Wine production follows the general principles of organic food processing. These principles stipulate, among other things, that additives and techniques must not be misleading for the consumer. This is also the case with wine.
The main additive in both conventional and organic wines is sulfur dioxide or sulphite. This inhibits the activity of unwanted fungi and bacteria and protects the wine against oxidation (= becoming acidic under the influence of oxygen) so that the wine remains fresh and fruity. Sulfur dioxide converts into sulfite in our body and some people are very sensitive to it. Too much sulfite can spoil the taste on the one hand and cause headaches, nausea, digestive problems or allergic reactions on the other. The use of sulfur dioxide must therefore be indicated on the bottle as soon as the level exceeds 10 mg / l.

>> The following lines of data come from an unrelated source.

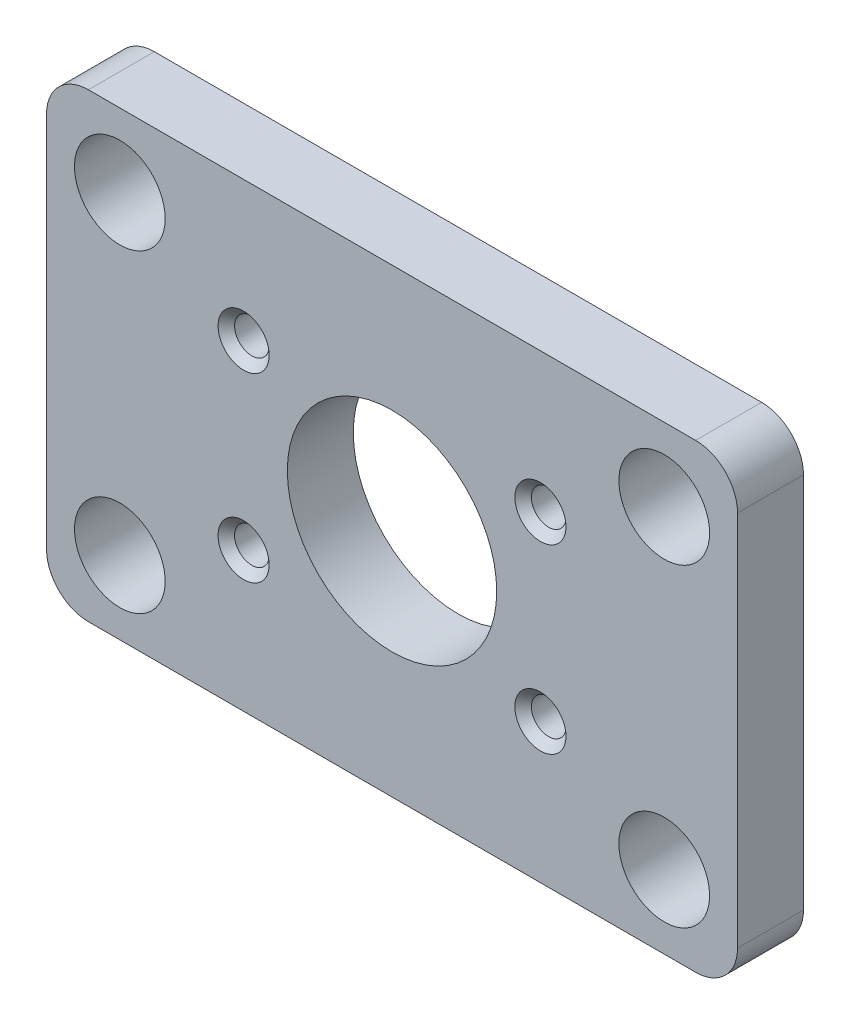
from build123d import *

# Parameters (mm, degrees)
SKETCH1_W           = 41.91
SKETCH1_H           = 27.94
SKETCH1_R           = 2.75
SKETCH1_R_2         = 1.05
SKETCH1_R_3         = 6.35
BOSS_EXTRUDE1_DEPTH = 4
FILLET1_R           = 2.54
CHAMFER1_SIZE       = 0.5


with BuildPart() as part:
    # Sketch1 → Boss-Extrude1 (new body)
    with BuildSketch(Plane.XY):
        Rectangle(SKETCH1_W, SKETCH1_H)
        with Locations((-16.51, 9.525)):
            Circle(SKETCH1_R, mode=Mode.SUBTRACT)
        with Locations((16.51, 9.525)):
            Circle(SKETCH1_R, mode=Mode.SUBTRACT)
        with Locations((16.51, -9.525)):
            Circle(SKETCH1_R, mode=Mode.SUBTRACT)
        with Locations((-16.51, -9.525)):
            Circle(SKETCH1_R, mode=Mode.SUBTRACT)
        with Locations((-9.00049, 5.50037)):
            Circle(SKETCH1_R_2, mode=Mode.SUBTRACT)
        with Locations((9.00049, -5.50037)):
            Circle(SKETCH1_R_2, mode=Mode.SUBTRACT)
        Circle(SKETCH1_R_3, mode=Mode.SUBTRACT)
        with Locations((-9.00049, -5.50037)):
            Circle(SKETCH1_R_2, mode=Mode.SUBTRACT)
        with Locations((9.00049, 5.50037)):
            Circle(SKETCH1_R_2, mode=Mode.SUBTRACT)
    extrude(amount=BOSS_EXTRUDE1_DEPTH)

    # Fillet1
    fillet1_edges = [part.edges().sort_by_distance(p)[0] for p in [
        (-20.955, 13.97, 2),
        (20.955, 13.97, 2),
        (20.955, -13.97, 2),
        (-20.955, -13.97, 2),
    ]]
    fillet(fillet1_edges, radius=FILLET1_R)

    # Chamfer1
    chamfer1_edges = [part.edges().sort_by_distance(p)[0] for p in [
        (7.95049, -5.50037, 4),
        (-10.05049, 5.50037, 4),
        (-10.05049, -5.50037, 4),
        (7.95049, 5.50037, 4),
    ]]
    chamfer(chamfer1_edges, length=CHAMFER1_SIZE)


solid = part.part

Since 2010 there has been European legislation for the production of organic wine, before that there was only a law for the cultivation of grapes.
- The legislation for organic wine is stricter on the content of sulfur dioxide (which is converted into sulphites) than the usual law:
- red wine may contain a maximum of 100 mg / l (vs. 150 mg / l for conventional wine);
- dry white and rosé wine may contain a maximum of 150 mg / l (vs. 200 mg / l for the common variant).
- These additives are not allowed in organic wine:
- bind - and deacidifiers, gelatin and enzymes;
- enzymes produced by GMOs for wine clarification.
- Processes considered misleading, such as concentration by cooling, de-alcoholization, removal of sulfur dioxide by physical processes, electrodialysis and the use of cation exchangers;
- Some processes such as heat treatment, filtration, reverse osmosis and the use of ion exchange resins is still permitted in bio for the time being, but limited and subject to conditions.